### EXERCISE DETAILS:
Only the stretch of the listing below that runs from the line with "line L10 (-6.1122, -19.5)" through the line with "arc A1 (10.4434, 4.943)" is to be printed, exactly and with both ends.

(THE DATA Opens)

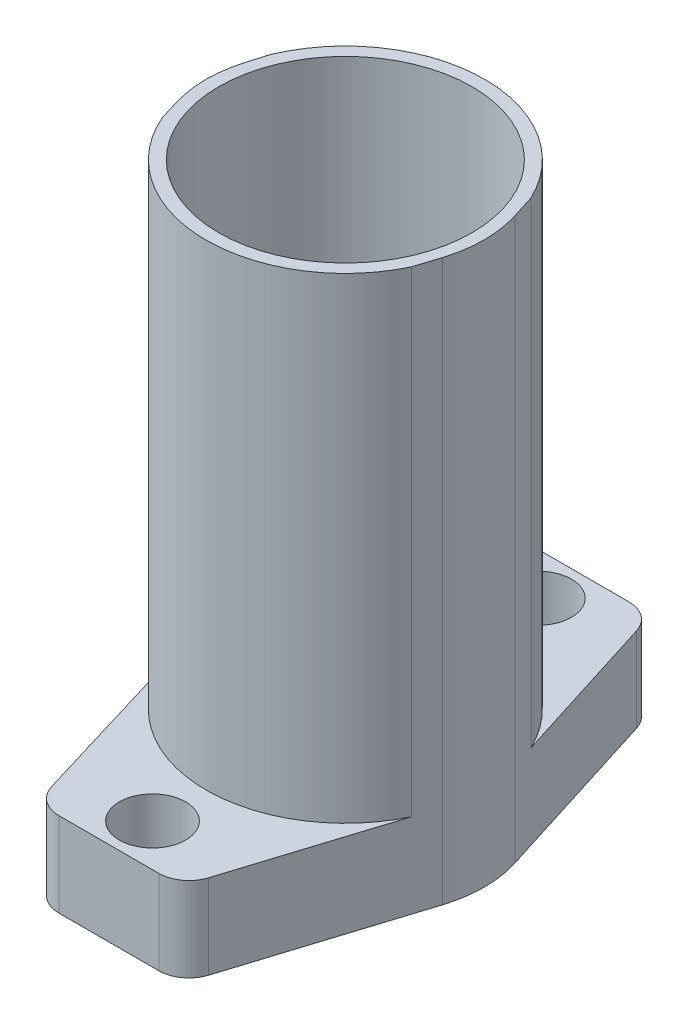
SolidWorks part; units mm, degrees
ref_plane "前视基准面" through (0, 0, 0) normal (0, 0, 1) x (1, 0, 0)
ref_plane "上视基准面" through (0, 0, 0) normal (0, 1, 0) x (1, 0, 0)
ref_plane "右视基准面" through (0, 0, 0) normal (1, 0, 0) x (0, 0, -1)
sketch "草图1" plane through (0, 0, 0) normal (0, 1, 0) x (1, 0, 0)
  line L0 (-46.1114, 0) -> (46.1114, 0) construction
  line L1 (0, 0) -> (0, 16) construction
  line L2 (-6.1122, 19.5) -> (5.8592, 19.5)
  line L3 (-6.1122, 19.5) -> (-11.1273, 2.8905)
  line L4 (5.8592, 19.5) -> (11.0541, 3.0037)
  line L5 (5.8592, -19.5) -> (11.0541, -3.0037)
  line L6 (-6.1122, -19.5) -> (-11.1273, -2.8905)
  line L7 (-6.1122, -19.5) -> (5.8592, -19.5)
  circle A0 centre (0, 16) radius 2.75
  circle A1 centre (0, 0) radius 10.25 construction
  circle A2 centre (0, 0) radius 3.25
  circle A3 centre (0, -16) radius 2.75
  arc A4 (11.0541, 3.0037) -> (11.0541, -3.0037) centre (1.5159, 0) cw
  arc A5 (-11.1273, 2.8905) -> (-11.1273, -2.8905) centre (-1.5541, 0) ccw
  point P4 (0, 0)
  point P11 (-0.1265, 19.5)
  point P20 (12, 0)
  point P23 (-12, 0)
  dimension "D2" = 5.5
  dimension "D3" = 20.5
  dimension "D6" = 3.5
  dimension "D7" = 6.5
  dimension "D8" = 10
  dimension "D1" = 16
  dimension "D4" = 12
  dimension "D5" = 12
extrude "凸台-拉伸1" add sketch "草图1" along normal blind 46.5
sketch "草图2" plane through (0, 46.5, 0) normal (0, 1, 0) x (1, 0, 0)
  line L0 (5.8592, -19.5) -> (11.0541, -3.0037) construction
  line L1 (-6.1122, -19.5) -> (5.8592, -19.5) construction
  line L2 (-11.1273, -2.8905) -> (-6.1122, -19.5) construction
  line L3 (-6.1122, 19.5) -> (-11.1273, 2.8905) construction
  line L4 (5.8592, 19.5) -> (-6.1122, 19.5) construction
  line L5 (11.0541, 3.0037) -> (5.8592, 19.5) construction
  line L6 (5.8592, -19.5) -> (11.0541, -3.0037)
  line L7 (-6.1122, -19.5) -> (5.8592, -19.5)
  line L8 (-11.1273, -2.8905) -> (-6.1122, -19.5)
  line L9 (-6.1122, 19.5) -> (-11.1273, 2.8905)
  line L10 (5.8592, 19.5) -> (-6.1122, 19.5)
  line L11 (11.0541, 3.0037) -> (5.8592, 19.5)
  circle A0 centre (0, 0) radius 10.5
  circle A1 centre (0, 0) radius 11.5541
  circle A2 centre (0, 16) radius 2.75 construction
  circle A3 centre (0, 16) radius 2.75
  circle M2 centre (0, 16) radius 2.75
  line M4 (5.8592, 19.5) -> (-6.1122, 19.5)
  line M5 (-6.1122, 19.5) -> (-11.1273, 2.8905)
  line M7 (-6.1122, -19.5) -> (5.8592, -19.5)
  line M8 (5.8592, -19.5) -> (11.0541, -3.0037)
  circle M9 centre (0, 0) radius 3.25
  circle M10 centre (0, -16) radius 2.75
  dimension "D1" = 21
extrude "切除-拉伸1" cut sketch "草图2" against normal blind 21.5 contours A0 M9 | A1 L11 M4 M5 M2 | A1 L8 M7 M8 M10
sketch "草图4" plane through (0, 0, 0) normal (0, -1, 0) x (1, 0, 0)
  circle A0 centre (0, 0) radius 5
  dimension "D1" = 10
extrude "切除-拉伸3" cut sketch "草图4" against normal blind 15
sketch "草图5" plane through (0, 25, 0) normal (0, 1, 0) x (1, 0, 0)
  line L3 (10.4434, 4.943) -> (5.8592, 19.5)
  line L4 (5.8592, 19.5) -> (-6.1122, 19.5)
  line L5 (-6.1122, 19.5) -> (-10.64, 4.5041)
  line L6 (10.4434, 4.943) -> (5.8592, 19.5)
  line L7 (5.8592, 19.5) -> (-6.1122, 19.5)
  line L8 (-6.1122, 19.5) -> (-10.64, 4.5041)
  line L9 (-10.64, -4.5041) -> (-6.1122, -19.5)
  line L10 (-6.1122, -19.5) -> (5.8592, -19.5)
  line L11 (5.8592, -19.5) -> (10.4434, -4.943)
  line L12 (-10.64, -4.5041) -> (-6.1122, -19.5)
  line L13 (-6.1122, -19.5) -> (5.8592, -19.5)
  line L14 (5.8592, -19.5) -> (10.4434, -4.943)
  arc A1 (10.4434, 4.943) -> (-10.64, 4.5041) centre (0, 0) ccw
  arc A2 (10.4434, 4.943) -> (-10.64, 4.5041) centre (0, 0) ccw
  arc A3 (-10.64, -4.5041) -> (10.4434, -4.943) centre (0, 0) ccw
  arc A4 (-10.64, -4.5041) -> (10.4434, -4.943) centre (0, 0) ccw
  dimension "D1" = 0
  dimension "D2" = 0
extrude "切除-拉伸4" cut sketch "草图5" against normal offset from surface (13 mm away) 12 up to face at (0, 0, -5)
fillet "圆角1" radius 2.5 4 edges at (-6.1122, 6, 19.5) (5.8592, 6, 19.5) (5.8592, 6, -19.5) (-6.1122, 6, -19.5)
sketch "草图6" plane through (0, 12, 0) normal (0, 1, 0) x (1, 0, 0)
  line L3 (10.4434, 4.943) -> (6.41, 17.7509)
  line L4 (4.0254, 19.5) -> (-4.2556, 19.5)
  line L5 (-6.6489, 17.7226) -> (-10.64, 4.5041)
  line L6 (10.4434, 4.943) -> (6.41, 17.7509)
  line L7 (4.0254, 19.5) -> (-4.2556, 19.5)
  line L8 (-6.6489, 17.7226) -> (-10.64, 4.5041)
  line L9 (-10.64, -4.5041) -> (-6.6489, -17.7226)
  line L10 (-4.2556, -19.5) -> (4.0254, -19.5)
  line L11 (6.41, -17.7509) -> (10.4434, -4.943)
  line L12 (-10.64, -4.5041) -> (-6.6489, -17.7226)
  line L13 (-4.2556, -19.5) -> (4.0254, -19.5)
  line L14 (6.41, -17.7509) -> (10.4434, -4.943)
  arc A3 (6.41, 17.7509) -> (4.0254, 19.5) centre (4.0254, 17) ccw
  arc A4 (-4.2556, 19.5) -> (-6.6489, 17.7226) centre (-4.2556, 17) ccw
  arc A5 (10.4434, 4.943) -> (-10.64, 4.5041) centre (0, 0) ccw
  arc A6 (6.41, 17.7509) -> (4.0254, 19.5) centre (4.0254, 17) ccw
  arc A7 (-4.2556, 19.5) -> (-6.6489, 17.7226) centre (-4.2556, 17) ccw
  arc A8 (10.4434, 4.943) -> (-10.64, 4.5041) centre (0, 0) ccw
  arc A9 (-6.6489, -17.7226) -> (-4.2556, -19.5) centre (-4.2556, -17) ccw
  arc A10 (4.0254, -19.5) -> (6.41, -17.7509) centre (4.0254, -17) ccw
  arc A11 (-10.64, -4.5041) -> (10.4434, -4.943) centre (0, 0) ccw
  arc A12 (-6.6489, -17.7226) -> (-4.2556, -19.5) centre (-4.2556, -17) ccw
  arc A13 (4.0254, -19.5) -> (6.41, -17.7509) centre (4.0254, -17) ccw
  arc A14 (-10.64, -4.5041) -> (10.4434, -4.943) centre (0, 0) ccw
  dimension "D1" = 0
  dimension "D2" = 0
extrude "切除-拉伸5" cut sketch "草图6" against normal offset from surface (5 mm away) 7 up to face at (0, 0, -5)

(THE DATA Closes)

### RESULT FOR THIS TASK:
  line L10 (-6.1122, -19.5) -> (5.8592, -19.5)
  line L11 (5.8592, -19.5) -> (10.4434, -4.943)
  line L12 (-10.64, -4.5041) -> (-6.1122, -19.5)
  line L13 (-6.1122, -19.5) -> (5.8592, -19.5)
  line L14 (5.8592, -19.5) -> (10.4434, -4.943)
  arc A1 (10.4434, 4.943) -> (-10.64, 4.5041) centre (0, 0) ccw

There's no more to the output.